(REQUIRED WORK) Transcribe the records below from the first line to the line that includes "circle A9 centre (57.5, -15) radius 2.25", inclusive, and omit the pictures.

(Records contained in a dataset)
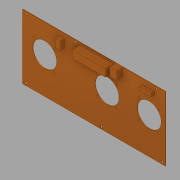
# Autodesk Inventor part: PCB
Saved by Autodesk Inventor 2017 (Build 210142000, 142)
## iProperties
Created: 2021-05-31
Part Number: PCB
Material: Gold
Document SubType Name: Modeling
Designer: Win240
Density: 19.3 g/cm^3
Appearance: Metal 1600F Hot
Mass: 2280.05 g
Surface Area: 1063.05 cm^2
Volume: 118.137 cm^3
Author: Win240
Autodesk Inventor part; units mm, degrees
ref_plane "YZ Plane" through (0, 0, 0) normal (1, 0, 0) x (0, 1, 0)
sketch "Sketch1" plane through (0, 0, 0) normal (0, 0, 1) x (1, 0, 0)
  line L0 (-177.5, -80) -> (177.5, -80)
  line L1 (177.5, -80) -> (177.5, 80)
  line L2 (177.5, 80) -> (-177.5, 80)
  line L3 (-177.5, 80) -> (-177.5, -80)
  line L4 (-177.5, -80) -> (177.5, 80) construction
  line L5 (177.5, -80) -> (-177.5, 80) construction
  circle A0 centre (-122.5, 10) radius 30
  circle A1 centre (32.5, 10) radius 30
  circle A2 centre (137.5, 10) radius 30
  line L6 (-152.5, 80) -> (-152.5, -80) construction
  line L7 (2.5, 80) -> (2.5, -80) construction
  line L8 (107.5, -80) -> (107.5, 80) construction
  line L9 (-177.5, -20) -> (177.5, -20) construction
  line L10 (-147.5, -15) -> (-97.5, -15) construction
  line L11 (-97.5, -15) -> (-97.5, 35) construction
  line L12 (-97.5, 35) -> (-147.5, 35) construction
  line L13 (-147.5, 35) -> (-147.5, -15) construction
  line L14 (-147.5, -15) -> (-97.5, 35) construction
  line L15 (-97.5, -15) -> (-147.5, 35) construction
  line L16 (7.5, -15) -> (57.5, -15) construction
  line L17 (57.5, -15) -> (57.5, 35) construction
  line L18 (57.5, 35) -> (7.5, 35) construction
  line L19 (7.5, 35) -> (7.5, -15) construction
  line L20 (7.5, -15) -> (57.5, 35) construction
  line L21 (57.5, -15) -> (7.5, 35) construction
  line L22 (112.5, -15) -> (162.5, -15) construction
  line L23 (162.5, -15) -> (162.5, 35) construction
  line L24 (162.5, 35) -> (112.5, 35) construction
  line L25 (112.5, 35) -> (112.5, -15) construction
  line L26 (112.5, -15) -> (162.5, 35) construction
  line L27 (162.5, -15) -> (112.5, 35) construction
  circle A3 centre (-147.5, 35) radius 2.25
  circle A4 centre (-97.5, 35) radius 2.25
  circle A5 centre (-97.5, -15) radius 2.25
  circle A6 centre (-147.5, -15) radius 2.25
  circle A7 centre (7.5, 35) radius 2.25
  circle A8 centre (57.5, 35) radius 2.25
  circle A9 centre (57.5, -15) radius 2.25
  circle A10 centre (7.5, -15) radius 2.25
  circle A11 centre (112.5, 35) radius 2.25
  circle A12 centre (162.5, 35) radius 2.25
  circle A13 centre (162.5, -15) radius 2.25
  circle A14 centre (112.5, -15) radius 2.25
  point P0 (0, 0)
  dimension "d0" = 160
  dimension "d1" = 355
  dimension "d4" = 25
  dimension "d6" = 180
  dimension "d8" = 285
  dimension "d9" = 100
  dimension "d10" = 60
  dimension "d11" = 50
  dimension "d12" = 4.5
  constraints: 56 end point, 15 centre point, 13 equal radius, 12 coincident, 8 midpoint, 8 parallel, 8 point on line, 6 tangent, 5 equal length, 5 horizontal, 4 perpendicular, 3 vertical
  measures "d0" distance of L0.end L1.end
  measures "d1" distance of L1.end L2.end
  measures "d4" distance between parallel lines of L3 L6
  measures "d6" distance between parallel lines of L3 L7
  measures "d8" distance between parallel lines of L8 L3
  measures "d9" distance between parallel lines of L9 L2
  measures "d10" diameter of A0
  measures "d11" distance of L11.end L12.end
  measures "d12" diameter of A3
extrude "PCB" add sketch "Sketch1" along normal blind 1.6
ref_plane "Work Plane1" through (0, 0, 2.6) normal (0, 0, 1) x (1, 0, 0)
ref_plane "Work Plane2" through (0, 0, 13.6) normal (0, 0, 1) x (1, 0, 0)
sketch "Sketch2" plane through (0, 0, 1.6) normal (0, 0, 1) x (1, 0, 0)
  line L0 (-177.5, 80) -> (-177.5, -80) construction
  line L1 (177.5, 80) -> (-177.5, 80) construction
  line L2 (-83.5, 71) -> (-71.5, 71)
  line L3 (-71.5, 71) -> (-71.5, 50)
  line L4 (-71.5, 50) -> (-83.5, 50)
  line L5 (-83.5, 50) -> (-83.5, 71)
  point P0 (0, 0)
  dimension "d15" = 94
  dimension "d16" = 106
  dimension "d17" = 9
  dimension "d18" = 30
  constraints: 8 end point, 2 parallel, 1 horizontal, 1 perpendicular
  measures "d15" distance between parallel lines of L0 L5
  measures "d16" distance between parallel lines of L3 L0
  measures "d17" distance between parallel lines of L1 L2
  measures "d18" distance between parallel lines of L1 L4
extrude "USB" add sketch "Sketch2" against normal up to surface (11 mm away) from surface at 12
sketch "Sketch3" plane through (0, 0, 1.6) normal (0, 0, 1) x (1, 0, 0)
  line L0 (-32.5, 76) -> (49.5, 76)
  line L1 (49.5, 76) -> (49.5, 58)
  line L2 (49.5, 58) -> (-32.5, 58)
  line L3 (-32.5, 58) -> (-32.5, 76)
  line L4 (-177.5, 80) -> (-177.5, -80) construction
  line L5 (177.5, 80) -> (-177.5, 80) construction
  point P0 (0, 0)
  dimension "d21" = 145
  dimension "d22" = 227
  dimension "d23" = 4
  dimension "d24" = 22
  constraints: 8 end point, 2 parallel, 1 horizontal, 1 perpendicular
  measures "d21" distance between parallel lines of L3 L4
  measures "d22" distance between parallel lines of L1 L4
  measures "d23" distance between parallel lines of L0 L5
  measures "d24" distance between parallel lines of L2 L5
extrude "Extrusion3" add sketch "Sketch3" along normal blind 21
sketch "Sketch4" plane through (0, 0, 1.6) normal (0, 0, 1) x (1, 0, 0)
  line L0 (122.5, 68) -> (151.5, 68)
  line L1 (151.5, 68) -> (151.5, 60)
  line L2 (151.5, 60) -> (122.5, 60)
  line L3 (122.5, 60) -> (122.5, 68)
  line L4 (177.5, -80) -> (177.5, 80) construction
  line L5 (177.5, 80) -> (-177.5, 80) construction
  point P0 (0, 0)
  dimension "d27" = 26
  dimension "d28" = 55
  dimension "d29" = 12
  dimension "d30" = 20
  constraints: 8 end point, 2 parallel, 1 horizontal, 1 perpendicular
  measures "d27" distance between parallel lines of L4 L1
  measures "d28" distance between parallel lines of L3 L4
  measures "d29" distance between parallel lines of L5 L0
  measures "d30" distance between parallel lines of L2 L5
extrude "Extrusion4" add sketch "Sketch4" along normal blind 9
sketch "Sketch5" plane through (0, 0, 1.6) normal (0, 0, 1) x (1, 0, 0)
  line L0 (177.5, 80) -> (-177.5, 80) projected
  line L1 (71.5, 80) -> (71.5, 59.3001)
  line L2 (71.5, 59.3001) -> (54.5, 59.3001)
  line L3 (54.5, 59.3001) -> (54.5, 80)
  point P0 (0, 0)
  dimension "d33" = 249
  dimension "d34" = 232
  constraints: 6 end point, 2 point on line, 2 vertical, 1 horizontal
  measures "d33" distance from line of L0.end L1
  measures "d34" distance from line of L0.end L3
extrude "Extrusion5" add sketch "Sketch5" along normal blind 15
sketch "Sketch6" plane through (0, 0, 1.6) normal (0, 0, 1) x (1, 0, 0)
  line L0 (54.5, 80) -> (-177.5, 80) projected
  line L1 (-177.5, 80) -> (-177.5, -80) projected
  line L2 (-177.5, -80) -> (177.5, -80) projected
  line L3 (177.5, -80) -> (177.5, 80) projected
  line L4 (177.5, 80) -> (71.5, 80) projected
  circle A0 centre (169.5, -75) radius 3
  circle A1 centre (18.5, -75) radius 3
  circle A2 centre (155.5, 74) radius 3
  circle A3 centre (-47.5, 74) radius 3
  circle A4 centre (-169.5, -75) radius 3
  circle A5 centre (-169.5, 74) radius 3
  line L5 (-169.5, 74) -> (-47.5, 74) construction
  line L6 (-47.5, 74) -> (155.5, 74) construction
  line L7 (169.5, -75) -> (18.5, -75) construction
  line L8 (18.5, -75) -> (-169.5, -75) construction
  point P0 (0, 0)
  dimension "d37" = 6
  dimension "d38" = 8
  dimension "d39" = 196
  dimension "d40" = 347
  dimension "d41" = 8
  dimension "d42" = 130
  dimension "d43" = 333
  dimension "d44" = 6
  dimension "d45" = 5
  constraints: 8 end point, 6 centre point, 5 equal radius, 4 horizontal
  measures "d37" diameter of A2
  measures "d38" distance from line of L8.end L1
  measures "d39" distance from line of L7.end L1
  measures "d40" distance from line of L1 L7.start
  measures "d41" distance from line of L5.start L1
  measures "d42" distance from line of L5.end L1
  measures "d43" distance from line of L6.end L1
  measures "d44" distance between parallel lines of L0 L5
  measures "d45" distance between parallel lines of L2 L8
extrude "Extrusion6" cut sketch "Sketch6" against normal up to surface (1.6 mm away)
body "Solid1"

(TASK SOLUTION)
# Autodesk Inventor part: PCB
Saved by Autodesk Inventor 2017 (Build 210142000, 142)
## iProperties
Created: 2021-05-31
Part Number: PCB
Material: Gold
Document SubType Name: Modeling
Designer: Win240
Density: 19.3 g/cm^3
Appearance: Metal 1600F Hot
Mass: 2280.05 g
Surface Area: 1063.05 cm^2
Volume: 118.137 cm^3
Author: Win240
Autodesk Inventor part; units mm, degrees
ref_plane "YZ Plane" through (0, 0, 0) normal (1, 0, 0) x (0, 1, 0)
sketch "Sketch1" plane through (0, 0, 0) normal (0, 0, 1) x (1, 0, 0)
  line L0 (-177.5, -80) -> (177.5, -80)
  line L1 (177.5, -80) -> (177.5, 80)
  line L2 (177.5, 80) -> (-177.5, 80)
  line L3 (-177.5, 80) -> (-177.5, -80)
  line L4 (-177.5, -80) -> (177.5, 80) construction
  line L5 (177.5, -80) -> (-177.5, 80) construction
  circle A0 centre (-122.5, 10) radius 30
  circle A1 centre (32.5, 10) radius 30
  circle A2 centre (137.5, 10) radius 30
  line L6 (-152.5, 80) -> (-152.5, -80) construction
  line L7 (2.5, 80) -> (2.5, -80) construction
  line L8 (107.5, -80) -> (107.5, 80) construction
  line L9 (-177.5, -20) -> (177.5, -20) construction
  line L10 (-147.5, -15) -> (-97.5, -15) construction
  line L11 (-97.5, -15) -> (-97.5, 35) construction
  line L12 (-97.5, 35) -> (-147.5, 35) construction
  line L13 (-147.5, 35) -> (-147.5, -15) construction
  line L14 (-147.5, -15) -> (-97.5, 35) construction
  line L15 (-97.5, -15) -> (-147.5, 35) construction
  line L16 (7.5, -15) -> (57.5, -15) construction
  line L17 (57.5, -15) -> (57.5, 35) construction
  line L18 (57.5, 35) -> (7.5, 35) construction
  line L19 (7.5, 35) -> (7.5, -15) construction
  line L20 (7.5, -15) -> (57.5, 35) construction
  line L21 (57.5, -15) -> (7.5, 35) construction
  line L22 (112.5, -15) -> (162.5, -15) construction
  line L23 (162.5, -15) -> (162.5, 35) construction
  line L24 (162.5, 35) -> (112.5, 35) construction
  line L25 (112.5, 35) -> (112.5, -15) construction
  line L26 (112.5, -15) -> (162.5, 35) construction
  line L27 (162.5, -15) -> (112.5, 35) construction
  circle A3 centre (-147.5, 35) radius 2.25
  circle A4 centre (-97.5, 35) radius 2.25
  circle A5 centre (-97.5, -15) radius 2.25
  circle A6 centre (-147.5, -15) radius 2.25
  circle A7 centre (7.5, 35) radius 2.25
  circle A8 centre (57.5, 35) radius 2.25
  circle A9 centre (57.5, -15) radius 2.25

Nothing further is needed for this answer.